When reinstalling, just copy back these debs to the folder and install KDE 4 and it will check for the required debs files and install KDE 4 without you having to re-download all over again. All hail the mighty and clever apt 

I hope you understood me Saqib.
PS: Your /home folder contains only personal settings of different apps.


----------



## saqib_khan (Nov 19, 2008)

OK, will try when i get my 8.10 cd, thanx.


----------



## infra_red_dude (Nov 19, 2008)

And now when you install Ubuntu 8.10 again, make another partition for /home so that any future upgrades will only erase the OS and not your personal data.


----------



## saqib_khan (Nov 19, 2008)

ok


----------



## NucleusKore (Nov 20, 2008)

infra_red_dude said:


> And now when you install Ubuntu 8.10 again, make another partition for /home so that any future upgrades will only erase the OS and not your personal data.

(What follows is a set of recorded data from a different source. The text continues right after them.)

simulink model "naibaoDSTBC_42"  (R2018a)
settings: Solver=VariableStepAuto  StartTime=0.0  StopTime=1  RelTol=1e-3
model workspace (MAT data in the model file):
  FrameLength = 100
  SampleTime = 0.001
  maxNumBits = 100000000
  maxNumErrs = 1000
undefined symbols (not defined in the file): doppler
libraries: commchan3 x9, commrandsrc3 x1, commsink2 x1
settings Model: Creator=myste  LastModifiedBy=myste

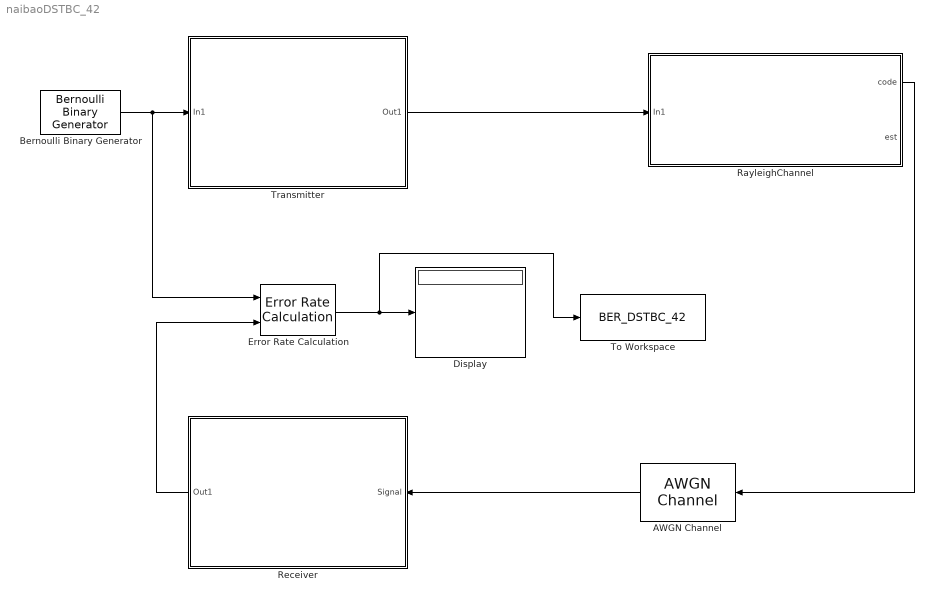
== system naibaoDSTBC_42 ==
  AWGN Channel : commchan3/AWGN Channel  InputProcessing=Columns as channels (frame based)  seed=3472  noiseMode="Signal to noise ratio  (Eb/No)"  EbNodB=EbNo  EsNodB=10  SNRdB=10  bitsPerSym=1  Ps=1  Tsym=SampleTime*1/2  variance=1
  Bernoulli Binary Generator : commrandsrc3/Bernoulli Binary Generator  ProbabilityOfZero=0.5  SeedSource=Auto  Seed=1983  SampleTime=SampleTime  SamplesPerFrame=FrameLength  OutputDataType=boolean  SimulateUsing=Interpreted execution
  Display : Display
  Error Rate Calculation : commsink2/Error Rate Calculation  N=0  st_delay=0  cp_mode=Entire frame  subframe=[]  PMode=Port  WsName=ErrorVec  RsMode2=off  stop=on  numErr=maxNumErrs  maxBits=maxNumBits
  RayleighChannel : Subsystem
  Receiver : Subsystem
  To Workspace : ToWorkspace  VariableName=BER_DSTBC_42  SampleTime=-1
      settings: MaxDataPoints=1  Save2DSignal=2-D array (concatenate along first dimension)
  Transmitter : Subsystem
  wires:
  Bernoulli Binary Generator/1 -> Error Rate Calculation/1, Transmitter/1(In1)
  Transmitter/1(Out1) -> RayleighChannel/1(In1)
  Receiver/1(Out1) -> Error Rate Calculation/2
  Error Rate Calculation/1 -> To Workspace/1, Display/1
  RayleighChannel/1(code) -> AWGN Channel/1
  AWGN Channel/1 -> Receiver/1(Signal)

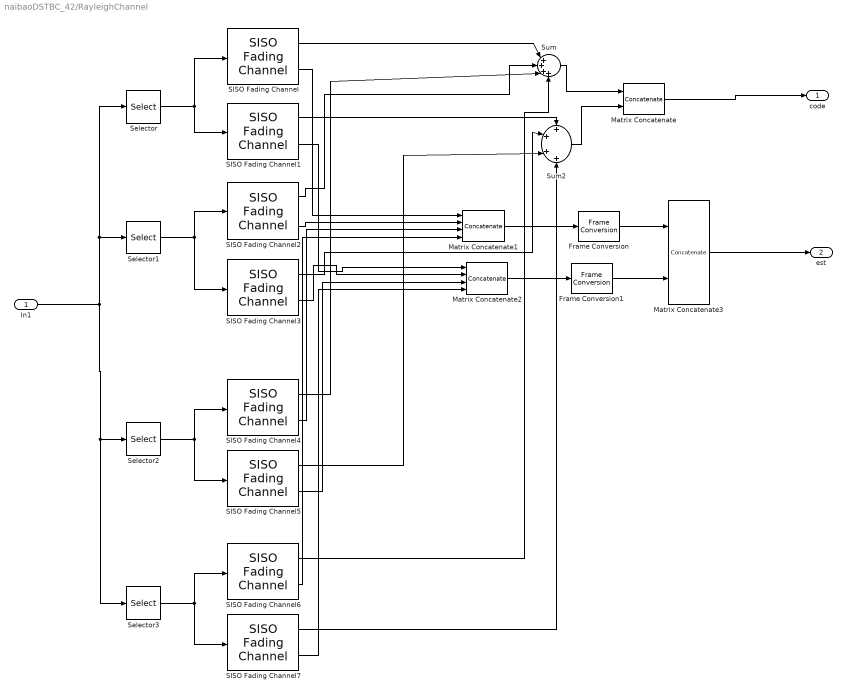
== system naibaoDSTBC_42/RayleighChannel ==
  In1 : Inport
  Frame Conversion : FrameConversion  OutFrame=Sample-based
  Frame Conversion1 : FrameConversion  OutFrame=Sample-based
  Matrix Concatenate : Concatenate  Mode=Multidimensional array  ConcatenateDimension=2
  Matrix Concatenate1 : Concatenate  NumInputs=4  Mode=Multidimensional array  ConcatenateDimension=2
  Matrix Concatenate2 : Concatenate  NumInputs=4  Mode=Multidimensional array  ConcatenateDimension=2
  Matrix Concatenate3 : Concatenate  Mode=Multidimensional array  ConcatenateDimension=3
  SISO Fading Channel : commchan3/SISO Fading Channel  InheritSampleRate=on  SampleRate=1  PathDelays=0  AveragePathGains=0  NormalizePathGains=on  FadingDistribution=Rayleigh  KFactor=3  DirectPathDopplerShift=0  DirectPathInitialPhase=0  MaximumDopplerShift=3  DopplerSpectrum=doppler('Jakes')  ChannelInterpolationMethod=Polyphase  RandomStream=mt19937ar with seed  RandomNumGenerator=mt19937ar  Seed=123  PathGainsOutputPort=on  ChannelFilterDelayOutputPort=off  SimulateUsing=Interpreted execution  Visualization=Off  PathsForDopplerDisplay=1  SamplesToDisplay=25%
      settings: SourceProductName=Communications System Toolbox
  SISO Fading Channel1 : commchan3/SISO Fading Channel  InheritSampleRate=on  SampleRate=1  PathDelays=0  AveragePathGains=0  NormalizePathGains=on  FadingDistribution=Rayleigh  KFactor=3  DirectPathDopplerShift=0  DirectPathInitialPhase=0  MaximumDopplerShift=3  DopplerSpectrum=doppler('Jakes')  ChannelInterpolationMethod=Polyphase  RandomStream=mt19937ar with seed  RandomNumGenerator=mt19937ar  Seed=73  PathGainsOutputPort=on  ChannelFilterDelayOutputPort=off  SimulateUsing=Interpreted execution  Visualization=Off  PathsForDopplerDisplay=1  SamplesToDisplay=25%
      settings: SourceProductName=Communications System Toolbox
  SISO Fading Channel2 : commchan3/SISO Fading Channel  InheritSampleRate=on  SampleRate=1  PathDelays=0  AveragePathGains=0  NormalizePathGains=on  FadingDistribution=Rayleigh  KFactor=3  DirectPathDopplerShift=0  DirectPathInitialPhase=0  MaximumDopplerShift=3  DopplerSpectrum=doppler('Jakes')  ChannelInterpolationMethod=Polyphase  RandomStream=mt19937ar with seed  RandomNumGenerator=mt19937ar  Seed=88  PathGainsOutputPort=on  ChannelFilterDelayOutputPort=off  SimulateUsing=Interpreted execution  Visualization=Off  PathsForDopplerDisplay=1  SamplesToDisplay=25%
      settings: SourceProductName=Communications System Toolbox
  SISO Fading Channel3 : commchan3/SISO Fading Channel  InheritSampleRate=on  SampleRate=1  PathDelays=0  AveragePathGains=0  NormalizePathGains=on  FadingDistribution=Rayleigh  KFactor=3  DirectPathDopplerShift=0  DirectPathInitialPhase=0  MaximumDopplerShift=3  DopplerSpectrum=doppler('Jakes')  ChannelInterpolationMethod=Polyphase  RandomStream=mt19937ar with seed  RandomNumGenerator=mt19937ar  Seed=95  PathGainsOutputPort=on  ChannelFilterDelayOutputPort=off  SimulateUsing=Interpreted execution  Visualization=Off  PathsForDopplerDisplay=1  SamplesToDisplay=25%
      settings: SourceProductName=Communications System Toolbox
  SISO Fading Channel4 : commchan3/SISO Fading Channel  InheritSampleRate=on  SampleRate=1  PathDelays=0  AveragePathGains=0  NormalizePathGains=on  FadingDistribution=Rayleigh  KFactor=3  DirectPathDopplerShift=0  DirectPathInitialPhase=0  MaximumDopplerShift=3  DopplerSpectrum=doppler('Jakes')  ChannelInterpolationMethod=Polyphase  RandomStream=mt19937ar with seed  RandomNumGenerator=mt19937ar  Seed=102  PathGainsOutputPort=on  ChannelFilterDelayOutputPort=off  SimulateUsing=Interpreted execution  Visualization=Off  PathsForDopplerDisplay=1  SamplesToDisplay=25%
      settings: SourceProductName=Communications System Toolbox
  SISO Fading Channel5 : commchan3/SISO Fading Channel  InheritSampleRate=on  SampleRate=1  PathDelays=0  AveragePathGains=0  NormalizePathGains=on  FadingDistribution=Rayleigh  KFactor=3  DirectPathDopplerShift=0  DirectPathInitialPhase=0  MaximumDopplerShift=3  DopplerSpectrum=doppler('Jakes')  ChannelInterpolationMethod=Polyphase  RandomStream=mt19937ar with seed  RandomNumGenerator=mt19937ar  Seed=143  PathGainsOutputPort=on  ChannelFilterDelayOutputPort=off  SimulateUsing=Interpreted execution  Visualization=Off  PathsForDopplerDisplay=1  SamplesToDisplay=25%
      settings: SourceProductName=Communications System Toolbox
  SISO Fading Channel6 : commchan3/SISO Fading Channel  InheritSampleRate=on  SampleRate=1  PathDelays=0  AveragePathGains=0  NormalizePathGains=on  FadingDistribution=Rayleigh  KFactor=3  DirectPathDopplerShift=0  DirectPathInitialPhase=0  MaximumDopplerShift=3  DopplerSpectrum=doppler('Jakes')  ChannelInterpolationMethod=Polyphase  RandomStream=mt19937ar with seed  RandomNumGenerator=mt19937ar  Seed=127  PathGainsOutputPort=on  ChannelFilterDelayOutputPort=off  SimulateUsing=Interpreted execution  Visualization=Off  PathsForDopplerDisplay=1  SamplesToDisplay=25%
      settings: SourceProductName=Communications System Toolbox
  SISO Fading Channel7 : commchan3/SISO Fading Channel  InheritSampleRate=on  SampleRate=1  PathDelays=0  AveragePathGains=0  NormalizePathGains=on  FadingDistribution=Rayleigh  KFactor=3  DirectPathDopplerShift=0  DirectPathInitialPhase=0  MaximumDopplerShift=3  DopplerSpectrum=doppler('Jakes')  ChannelInterpolationMethod=Polyphase  RandomStream=mt19937ar with seed  RandomNumGenerator=mt19937ar  Seed=164  PathGainsOutputPort=on  ChannelFilterDelayOutputPort=off  SimulateUsing=Interpreted execution  Visualization=Off  PathsForDopplerDisplay=1  SamplesToDisplay=25%
      settings: SourceProductName=Communications System Toolbox
  Selector : Selector  NumberOfDimensions=2  InputPortWidth=3  IndexOptions=Select all,Index vector (dialog)  Indices=[1 3],1  OutputSizes=1,1
  Selector1 : Selector  NumberOfDimensions=2  InputPortWidth=3  IndexOptions=Select all,Index vector (dialog)  Indices=[1 3],2  OutputSizes=1,1
  Selector2 : Selector  NumberOfDimensions=2  InputPortWidth=3  IndexOptions=Select all,Index vector (dialog)  Indices=[1 3],3  OutputSizes=1,1
  Selector3 : Selector  NumberOfDimensions=2  InputPortWidth=3  IndexOptions=Select all,Index vector (dialog)  Indices=[1 3],4  OutputSizes=1,1
  Sum : Sum  Inputs=|++++
  Sum2 : Sum  Inputs=++++
  code : Outport
  est : Outport  Port=2
  wires:
  In1/1 -> Selector3/1, Selector2/1, Selector/1, Selector1/1
  Selector/1 -> SISO Fading Channel/1, SISO Fading Channel1/1
  Selector1/1 -> SISO Fading Channel3/1, SISO Fading Channel2/1
  SISO Fading Channel/1 -> Sum/1
  SISO Fading Channel2/1 -> Sum/2
  SISO Fading Channel1/1 -> Sum2/1
  Sum/1 -> Matrix Concatenate/1
  Sum2/1 -> Matrix Concatenate/2
  SISO Fading Channel/2 -> Matrix Concatenate1/1
  SISO Fading Channel3/1 -> Sum2/2
  SISO Fading Channel2/2 -> Matrix Concatenate1/2
  SISO Fading Channel1/2 -> Matrix Concatenate2/1
  SISO Fading Channel3/2 -> Matrix Concatenate2/2
  Matrix Concatenate/1 -> code/1
  Matrix Concatenate1/1 -> Frame Conversion/1
  Matrix Concatenate2/1 -> Frame Conversion1/1
  Frame Conversion1/1 -> Matrix Concatenate3/2
  Frame Conversion/1 -> Matrix Concatenate3/1
  Matrix Concatenate3/1 -> est/1
  Selector2/1 -> SISO Fading Channel5/1, SISO Fading Channel4/1
  Selector3/1 -> SISO Fading Channel6/1, SISO Fading Channel7/1
  SISO Fading Channel4/1 -> Sum/3
  SISO Fading Channel6/1 -> Sum/4
  SISO Fading Channel5/1 -> Sum2/3
  SISO Fading Channel7/1 -> Sum2/4
  SISO Fading Channel4/2 -> Matrix Concatenate1/3
  SISO Fading Channel6/2 -> Matrix Concatenate1/4
  SISO Fading Channel5/2 -> Matrix Concatenate2/3
  SISO Fading Channel7/2 -> Matrix Concatenate2/4

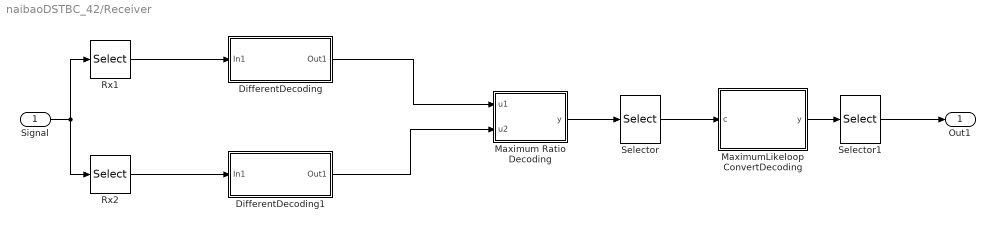
== system naibaoDSTBC_42/Receiver ==
  Signal : Inport
  DifferentDecoding : Subsystem
  DifferentDecoding1 : Subsystem
  Maximum Ratio Decoding : MATLAB Function  TreatAsAtomicUnit=on
  MaximumLikeloop ConvertDecoding : MATLAB Function  TreatAsAtomicUnit=on
  Rx1 : Selector  NumberOfDimensions=2  InputPortWidth=3  IndexOptions=Select all,Index vector (dialog)  Indices=[1 3],1  OutputSizes=1,1
  Rx2 : Selector  NumberOfDimensions=2  InputPortWidth=3  IndexOptions=Select all,Index vector (dialog)  Indices=[1 3],2  OutputSizes=1,1
  Selector : Selector  NumberOfDimensions=2  InputPortWidth=3  IndexOptions=Select all,Index vector (dialog)  Indices=[1 3],1  OutputSizes=1,1
  Selector1 : Selector  NumberOfDimensions=2  InputPortWidth=3  IndexOptions=Select all,Index vector (dialog)  Indices=[1 3],1  OutputSizes=1,1
  Out1 : Outport
  wires:
  Signal/1 -> Rx2/1, Rx1/1
  Rx1/1 -> DifferentDecoding/1(In1)
  Maximum Ratio Decoding/1(y) -> Selector/1
  Selector/1 -> MaximumLikeloop ConvertDecoding/1(c)
  DifferentDecoding/1(Out1) -> Maximum Ratio Decoding/1(u1)
  Rx2/1 -> DifferentDecoding1/1(In1)
  DifferentDecoding1/1(Out1) -> Maximum Ratio Decoding/2(u2)
  MaximumLikeloop ConvertDecoding/1(y) -> Selector1/1
  Selector1/1 -> Out1/1

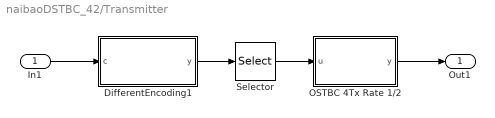
== system naibaoDSTBC_42/Transmitter ==
  In1 : Inport
  DifferentEncoding1 : MATLAB Function  TreatAsAtomicUnit=on
  OSTBC 4Tx Rate 1/2 : MATLAB Function  TreatAsAtomicUnit=on
  Selector : Selector  NumberOfDimensions=2  InputPortWidth=3  IndexOptions=Select all,Index vector (dialog)  Indices=[1 3],1  OutputSizes=1,1
  Out1 : Outport
  wires:
  In1/1 -> DifferentEncoding1/1(c)
  DifferentEncoding1/1(y) -> Selector/1
  Selector/1 -> OSTBC 4Tx Rate 1/2/1(u)
  OSTBC 4Tx Rate 1/2/1(y) -> Out1/1

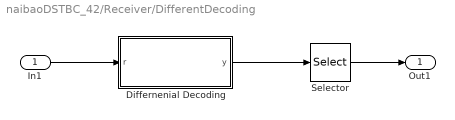
== system naibaoDSTBC_42/Receiver/DifferentDecoding ==
  In1 : Inport
  Differnenial Decoding : MATLAB Function  TreatAsAtomicUnit=on
  Selector : Selector  NumberOfDimensions=2  InputPortWidth=3  IndexOptions=Select all,Index vector (dialog)  Indices=[1 3],1  OutputSizes=1,1
  Out1 : Outport
  wires:
  Differnenial Decoding/1(y) -> Selector/1
  Selector/1 -> Out1/1
  In1/1 -> Differnenial Decoding/1(r)

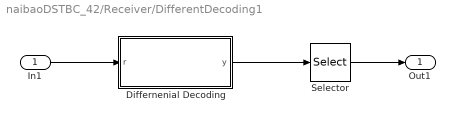
== system naibaoDSTBC_42/Receiver/DifferentDecoding1 ==
  In1 : Inport
  Differnenial Decoding : MATLAB Function  TreatAsAtomicUnit=on
  Selector : Selector  NumberOfDimensions=2  InputPortWidth=3  IndexOptions=Select all,Index vector (dialog)  Indices=[1 3],1  OutputSizes=1,1
  Out1 : Outport
  wires:
  Differnenial Decoding/1(y) -> Selector/1
  Selector/1 -> Out1/1
  In1/1 -> Differnenial Decoding/1(r)

== matlab function naibaoDSTBC_42/Transmitter/DifferentEncoding1 ==
  data: c input; y output
function y = DifferentEncoding4(c)
%将输入的码字按规则映射，之后差分编码
%% 设置参数
temp=complex(zeros(8,1));
%计数变量
num=0+0i;
%得到帧长
s = size(c);
%计算BPSK的长度
BPSK_Len = s(1);
%初始化系数序列
u = complex(zeros(BPSK_Len,1));
%初始编码
x1=1/2+0i;
x2=1/2+0i;
x3=1/2+0i;
x4=1/2+0i;
%初始化发送序列
y=complex(zeros(BPSK_Len+4,2));
y(1,1)=x1;
y(2,1)=x2;
y(3,1)=x3;
y(4,1)=x4;
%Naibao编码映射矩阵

Does the Ubuntu installer give the option of directly mounting the existing /home without formatting?


----------



## infra_red_dude (Nov 20, 2008)

^^^ Yes, it does during install.


----------



## NucleusKore (Nov 20, 2008)

Ok, is this option new in 8.10? Don't remember having it in 8.04


----------



## infra_red_dude (Nov 20, 2008)

No, you could do that in almost any Linux distro. You can just tag in any of the partitions as /home during install. You don't need to format it. Also if you create the same username in the new install the "old" /home/<username> automatically becomes your "new" home with all settings preserved


----------



## NucleusKore (Nov 20, 2008)

Ok I used to do that in SUSE, somehow never managed to get the option, in Ubuntu, of mounting *without* formatting at install. Will try sometime again.


----------